**SUPPLIED MATERIAL:**
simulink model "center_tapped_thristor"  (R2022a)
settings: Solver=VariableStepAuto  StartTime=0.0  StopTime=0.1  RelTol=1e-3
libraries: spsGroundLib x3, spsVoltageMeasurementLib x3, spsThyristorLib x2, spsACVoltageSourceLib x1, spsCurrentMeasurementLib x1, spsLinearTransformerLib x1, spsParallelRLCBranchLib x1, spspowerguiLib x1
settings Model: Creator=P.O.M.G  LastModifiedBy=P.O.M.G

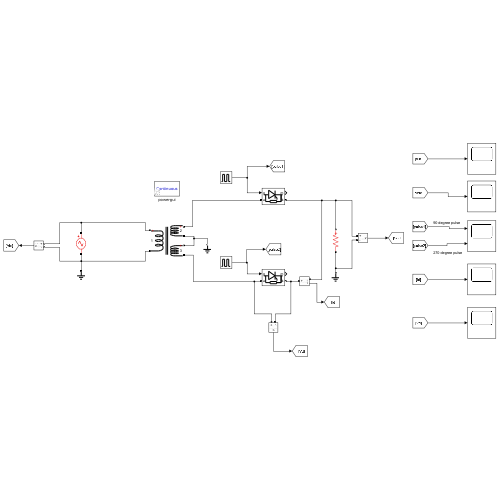
[thumbnail: Simulink's stored preview of the top-level diagram]
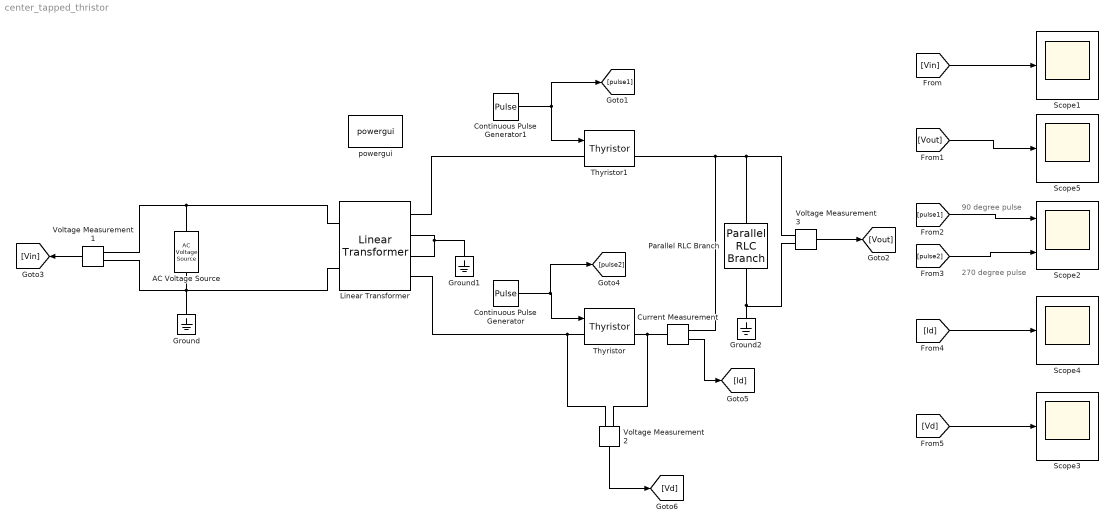
== system center_tapped_thristor ==
  note: 270 degree pulse
  note: 90 degree pulse
  AC Voltage Source : spsACVoltageSourceLib/AC Voltage Source  Amplitude=308  Phase=0  Frequency=50  SampleTime=1e-5  Measurements=None  BusType=swing  Pref=10e3  Qref=0  Qmin=-inf  Qmax=+inf
  Continuous Pulse Generator : DiscretePulseGenerator  PulseType=Time based  Period=0.02  PulseWidth=5  PhaseDelay=0.015
  Continuous Pulse Generator1 : DiscretePulseGenerator  PulseType=Time based  Period=0.02  PulseWidth=5  PhaseDelay=.005
  Current Measurement : spsCurrentMeasurementLib/Current Measurement  PhasorSimulation=off  OutputType=Complex  PSBequivalent=0
  Ground : spsGroundLib/Ground  LConnTagsString=a
  Ground1 : spsGroundLib/Ground  LConnTagsString=a
  Ground2 : spsGroundLib/Ground  LConnTagsString=a
  Linear Transformer : spsLinearTransformerLib/Linear Transformer  UNITS=pu  NominalPower=[ 250e6 60 ]  winding1=[308 0.002 0.08]  winding2=[308 0.002 0.08]  ThreeWindings=on  winding3=[308 0.002 0.08]  RmLm=[500 500]  Measurements=None  DataType=off
  Parallel RLC Branch : spsParallelRLCBranchLib/Parallel RLC Branch  LConnTagsString=a  RConnTagsString=__new0  BranchType=R  Resistance=100  Inductance=0  SetiL0=off  InitialCurrent=0  Capacitance=0  Setx0=off  InitialVoltage=0  Measurements=None
  Scope{1,3..5} (4 alike) : Scope
  Scope2 : Scope  NumInputPorts=2
  Thyristor : spsThyristorLib/Thyristor  Ron=0.001  Lon=0  Vf=0.8  IC=0  Rs=500  Cs=250e-9  Measurements=on
  Thyristor1 : spsThyristorLib/Thyristor  Ron=0.001  Lon=0  Vf=0.8  IC=0  Rs=500  Cs=250e-9  Measurements=on
  Voltage Measurement1 : spsVoltageMeasurementLib/Voltage Measurement  PhasorSimulation=off  OutputType=Complex  PSBequivalent=0
  Voltage Measurement2 : spsVoltageMeasurementLib/Voltage Measurement  PhasorSimulation=off  OutputType=Complex  PSBequivalent=0
  Voltage Measurement3 : spsVoltageMeasurementLib/Voltage Measurement  PhasorSimulation=off  OutputType=Complex  PSBequivalent=0
  powergui : spspowerguiLib/powergui  Priority=1  SimulationMode=Continuous  SampleTime=50e-6  frequency=60  Iterations=50  frequencyindice=50  Pbase=100e6  ErrMax=1e-4  UnitsV=kV  UnitsW=MW  buscounter=0  FunctionMessages=off  echomessages=off  EnableUseOfTLC=off  CurrentSourceSwitches=on  DisableSnubberDevices=off  DisableRonSwitches=off  DisableVfSwitches=off  DisplayEquations=off  AutomaticDiscreteSolvers=off  SolverType=Tustin/Backward Euler (TBE)  Interpol=off  ExternalGateDelay=off  methode=off  Ts=100  x0status=blocks  SPID=off  SwTol=0  HookPort=off  NonlinearTolerance=1e-4  nMaxIteration=100  ContinueOnMaxIteration=off  RestoreLinks=warning  ResistiveCurrentMeasurement=off  Frange=[0:2:500]  Ylog=off  Xlog=on  ShowGrid=off  save=off  variable=ZData  structure=0  ZoomFFT=off  StartTime=0.0  cycles=1  DisplayStyle=1  fundamental=60  FreqAxis=off  MaxFrequency=1000  frequencyindicesteady=1  RmsSteady=1  display=off
  wires:
  Voltage Measurement1/1 -> [Vin]
  Continuous Pulse Generator/1 -> [pulse2], Thyristor/1
  Continuous Pulse Generator1/1 -> [pulse1], Thyristor1/1
  Voltage Measurement3/1 -> [Vout]
  [Vout] -> Scope5/1
  Current Measurement/1 -> [Id]
  Voltage Measurement2/1 -> [Vd]
  [Id] -> Scope4/1
  [pulse2] -> Scope2/2
  [pulse1] -> Scope2/1
  [Vd] -> Scope3/1
  [Vin] -> Scope1/1
  connections:
  Ground/LConn1 -- Linear Transformer/LConn2 -- Voltage Measurement1/LConn2 -- AC Voltage Source/LConn1
  Voltage Measurement1/LConn1 -- AC Voltage Source/RConn1 -- Linear Transformer/LConn1
  Linear Transformer/RConn2 -- Ground1/LConn1 -- Linear Transformer/RConn3
  Thyristor1/LConn1 -- Linear Transformer/RConn1
  Thyristor/LConn1 -- Voltage Measurement2/LConn1 -- Linear Transformer/RConn4
  Parallel RLC Branch/LConn1 -- Voltage Measurement3/LConn1 -- Current Measurement/RConn1 -- Thyristor1/RConn1
  Ground2/LConn1 -- Parallel RLC Branch/RConn1 -- Voltage Measurement3/LConn2
  Current Measurement/LConn1 -- Voltage Measurement2/LConn2 -- Thyristor/RConn1

**WHAT THE TASK REQUIRES:**
Copy out the lines of the data where the word "LConnTagsString" can be found.

**ANSWER SECTION:**
  Ground : spsGroundLib/Ground  LConnTagsString=a
  Ground1 : spsGroundLib/Ground  LConnTagsString=a
  Ground2 : spsGroundLib/Ground  LConnTagsString=a
  Parallel RLC Branch : spsParallelRLCBranchLib/Parallel RLC Branch  LConnTagsString=a  RConnTagsString=__new0  BranchType=R  Resistance=100  Inductance=0  SetiL0=off  InitialCurrent=0  Capacitance=0  Setx0=off  InitialVoltage=0  Measurements=None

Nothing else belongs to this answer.